Open Refine tutorial: How to calculate facet aggregates
OpenRefine continues to be an excellent interactive data cleaning tool. After using it for a few years, I continue to learn new ways that it can be used. I recently learnt how to emulate the SQL grouping functionality. I’ll go through the steps below using a simple contrived dataset that I created. The dataset has four columns, City, PropertyID, value, size.
If this table were in a relational database, I could ask the following questions:
- What is the total value of all property in a specific city?
- What is the average square metre value in each city?
The first step to calculating the total value of property per city is to sort all the rows by the city name.
Simply sorting gives us a view of the data. The underlying dataset has not yet been sorted. We need to change the underlying order before moving onto the next step. At the top of the screen you will see an option for permanently reording the dataset.
This now sets us up to convert the rows into records. You will notice two links at the top of the screen named rows and records. Rows is currently selected, showing 229 separate rows. Records represent multi-row values. A record is defined by a group of sequential sorted rows where the first column contains a single value, followed by a number of rows with blank values in the first column. To achieve this we use the blank down function.

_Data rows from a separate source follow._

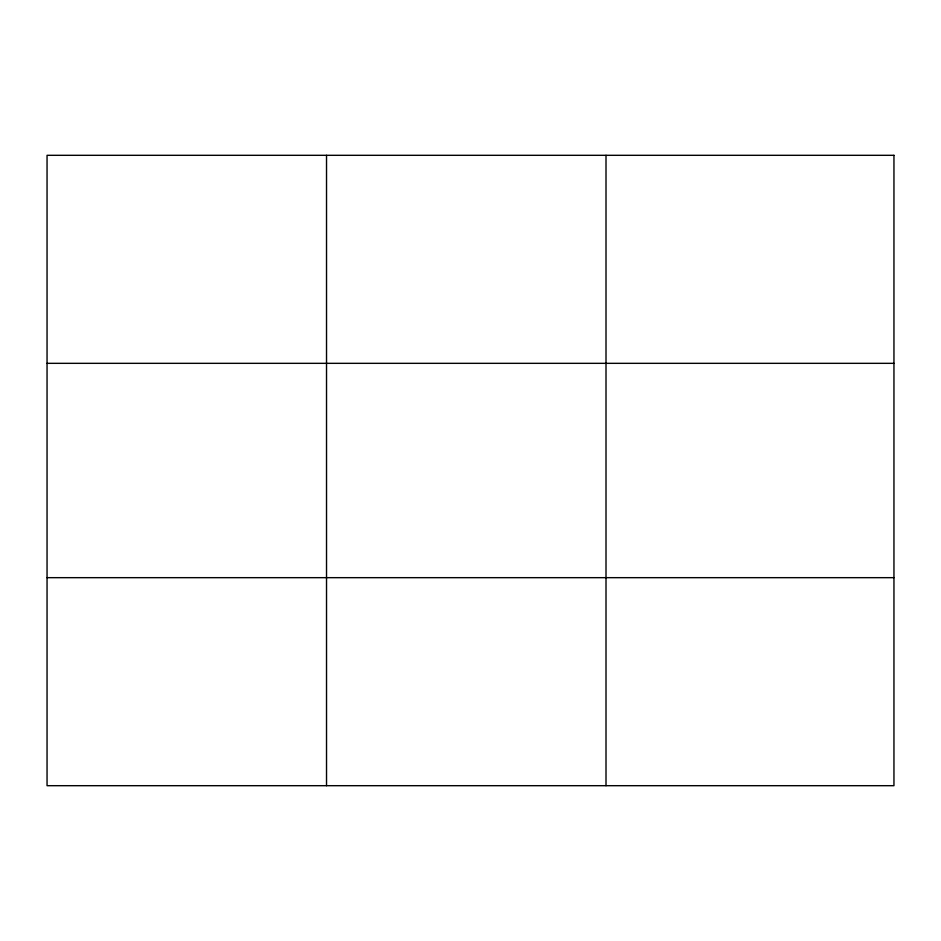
<?xml version="1.0" encoding="UTF-8"?>
<svg xmlns="http://www.w3.org/2000/svg" width="941" height="941" viewBox="0 0 941 941"><rect width="100%" height="100%" fill="white"/><g stroke="black" fill="none" stroke-linecap="round" stroke-linejoin="round"><path stroke-width="1.41" d="M326.527 785.688L326.527 155.312M606.004 785.688L606.004 155.312M47.05 363.332L893.95 363.332M47.05 577.668L893.95 577.668M893.95 155.312L893.95 785.688L47.05 785.688L47.05 155.312L893.95 155.312"/></g></svg>
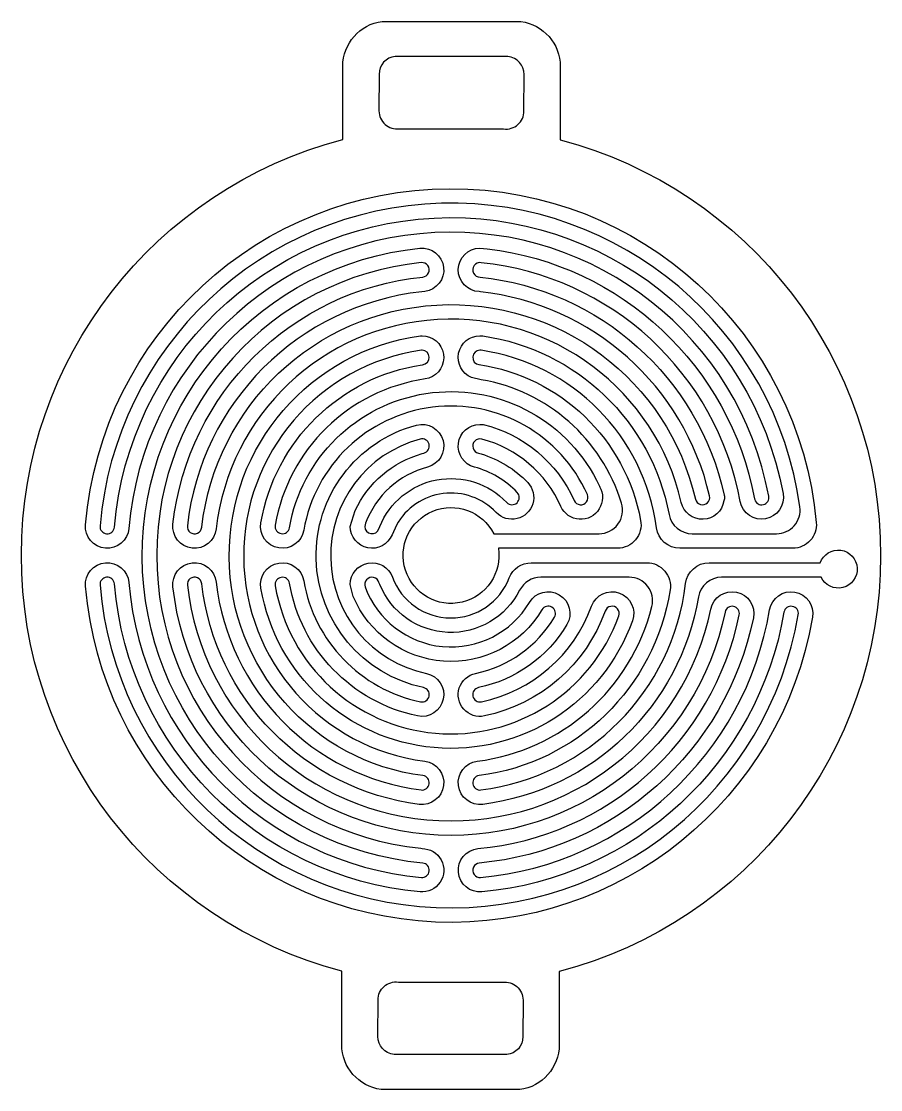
# Model space of a CAD drawing. Extents: x -237 to 237, y -295 to 295.
import ezdxf

# ---------------------------------------------------------------- set-up
doc = ezdxf.new("R2010")
doc.units = 0
doc.layers.get('0').update_dxf_attribs({"linetype": 'CONTINUOUS'})

msp = doc.modelspace()

# ---------------------------------------------------------------- linework, layer by layer
for points in [[(38.54, 294.53, -0.376911), (60.3, 269.71), (60.25, 229.25, -0.772019), (59.75, -229.39), (59.7, -269.85, -0.376911), (37.89, -294.61), (-38.54, -294.53, -0.376911), (-60.3, -269.71), (-60.25, -229.25, -0.772019), (-59.75, 229.39), (-59.7, 269.85, -0.376911), (-37.89, 294.61)], [(40.29, 265.3, 0.381611), (31.43, 275.25), (-30.82, 275.32, 0.381611), (-39.71, 265.39), (-39.73, 245.26, 0.450336), (-28.52, 235.32), (29.05, 235.25, 0.450336), (40.27, 245.17)], [(28.52, -235.32, -0.450336), (39.73, -245.26), (39.71, -265.39, -0.381611), (30.82, -275.32), (-31.43, -275.25, -0.381611), (-40.29, -265.3), (-40.27, -245.17, -0.450336), (-29.05, -235.25)]]:
    msp.add_lwpolyline(points, format="xyb", close=True)
msp.add_lwpolyline([(81.94, 38.05, -1.057059), (60.64, 27.09, 0.226682), (17.01, 64.2, 1.023944), (15.15, 56.43), (16.57, 56.02, -0.131606), (42.36, 40.24, -1), (24.97, 23.72, 0.506612), (-30.12, 16.7), (-32.54, 11.35, -0.818652), (-55.58, 15.99), (-52.91, 24.79, -0.217174), (-15.99, 56.19), (-14.95, 56.48, 0.998155), (-17.01, 64.2, 0.79111), (-13.54, -65.02, -1), (-18.44, -88.51, -0.308031), (-89.1, -15.31, 1), (-96.98, -16.67, 0.770428), (92.58, -33.33, 1), (85.06, -30.63, -0.26063), (18.44, -88.51, -1), (13.54, -65.02, 0.209892), (57.04, -34.03, 1), (50.18, -29.93, -0.615511), (-53.89, -22.58), (-55.58, -15.99, -0.838034), (-32.33, -11.86, 0.692827), (32.15, -12.34, -0.31053), (44.29, -4), (108.06, -4, -0.460686), (120.9, -19.02, -0.333586), (15.48, -121.4, 1), (16.5, -129.33, 0.343952), (129.46, -15.46, -0.379823), (142.37, -4), (203.71, -4, -5.043752), (204.14, -11.99), (149.3, -11.99, 0.366427), (136.48, -22.85, -0.330855), (17.51, -137.26, -1), (14.47, -113.47, 0.307932), (110.86, -28.2, 0.489194), (98.26, -11.99), (49.48, -11.99, 0.282982), (37.88, -19.13, -0.643628), (-39.31, -15.99), (-39.73, -14.97, 1.047617), (-47.35, -17.37, 0.631187), (43.31, -25.84, -1), (63.91, -38.12, -0.209892), (15.17, -72.85, 1), (16.81, -80.68, 0.26063), (77.54, -27.92, -1), (100.1, -36.04, -0.770428), (-104.86, -18.02, -1), (-81.22, -13.96, 0.308031), (-16.81, -80.68, 1), (-15.17, -72.85, -0.79111), (-19.06, 71.93, -1), (-12.92, 48.75, 0.24193), (-47.16, 17.87), (-47.59, 15.99, 0.84712), (-39.81, 14.69), (-39.31, 15.99, -0.544839), (30.77, 29.23, 1), (36.56, 34.73, 0.138883), (12.92, 48.75, -0.878195), (15.99, 72.33), (17.8, 72.26, -0.231302), (67.94, 30.35, 1), (75.24, 33.61, 0.741169), (-81.22, 13.96, -1), (-104.86, 18.02, -0.323013), (-15.99, 105.19), (-15.72, 105.24, 0.966592), (-15.99, 113.23), (-16.27, 113.23, 0.873535), (-14.47, -113.47, -1), (-17.51, -137.26, -0.345709), (-137.5, -15.54, 1), (-145.44, -16.44, 0.853333), (143.35, -29.56, -1), (166.85, -34.4, -0.330174), (15.62, -169.64, 1), (16.36, -177.6, 0.339774), (175.81, -29.97, -1), (199.46, -33.99, -0.880912), (-201.62, -17, -1), (-177.72, -14.98, 0.36357), (-16.36, -177.6, 1), (-15.62, -169.64, -0.907881), (-17.2, 169.48, -0.986987), (-14.47, 145.66), (-16.15, 145.48, 0.350277), (-145.44, 16.44, 1), (-137.5, 15.54, -0.843353), (134.84, 31.08, 1), (142.63, 32.88, 0.318514), (16.19, 145.47), (15.58, 145.57, -0.979653), (15.91, 169.55), (20.01, 169.18, -0.328224), (167.46, 31.25), (167.58, 30.8, 0.943701), (175.32, 32.71, 0.873986), (-177.72, 14.98, -1), (-201.62, 17, -0.916576), (201.52, 18.16, -0.440795), (188.57, 4), (126.25, 4, -0.375538), (113.37, 15.26, 0.334525), (16.61, 113.18), (15.99, 113.23, 0.92984), (15.41, 105.27, -0.320995), (104.62, 19.36, -0.468892), (91.84, 4), (26.14, 4, -12.515311), (23.57, 11.99), (81.66, 11.99, 0.504133), (94.09, 28.8, 0.283143), (16.66, 96.98), (11.39, 98.15, -0.820299), (15.99, 121.22), (17.57, 121.12, -0.320629), (120.28, 22.59, 0.360821), (133.06, 11.99), (179.61, 11.99, 0.455314), (192.49, 26.78, 0.894569), (-193.65, 16.33, 1), (-185.69, 15.65, -0.873986), (183.18, 34.18, -1), (159.61, 29.78, 0.33245), (16.61, 161.51, 1.084006), (16.01, 153.55), (16.09, 153.52, -0.322696), (150.72, 33.36, -0.112034), (150.7, 30.64), (150.58, 30.1, -0.824184), (127.05, 29.29, 0.843353), (-129.56, 14.64, -1), (-153.39, 17.34, -0.352923), (-15.59, 153.58, 1), (-16.39, 161.53, 0.90301), (-16.62, -161.51), (-15.99, -161.63, -1.047007), (-17.09, -185.56, -0.36357), (-185.69, -15.65, 1), (-193.65, -16.33, 0.880912), (191.58, -32.65, 1), (183.7, -31.31, -0.339774), (17.09, -185.56, -1), (14.89, -161.68, 0.330174), (159.01, -32.79, 1), (151.18, -31.17, -0.853333), (-153.39, -17.34, -1), (-129.56, -14.64, 0.345709), (-16.5, -129.33, 1), (-15.48, -121.4, -0.875379), (-16.9, 121.21), (-15.99, 121.22, -0.852758), (-12.25, 97.83), (-14.25, 97.36, 0.324533), (-96.98, 16.67, 1), (-89.1, 15.31, -0.719414), (80.32, 41.49), (82.03, 37.86)], format="xyb")

doc.saveas('drawing.dxf')

Now select the record function.
We now have only 8 records, one per city. Buffalo City for example is a single record with 24 rows.
We can now apply functions to all of the values in this record. To calculate the total value we first make sure that our value column is a number (it is stored as text by default).
Then create a new column and calculate the sum of all the value cells in that record.
This column now contains the total value that we want.
We can now remove the old value column
Unfortunately it is duplicated a number of times per record. We can easily remove the duplicates by changing back to rows and faceting the City column by blanks and select only the blank rows.
Remove all the matching rows and reset the facet
This technique is quite useful for cleaning duplicate rows in general. I hope this brief tutorial is valuable to someone.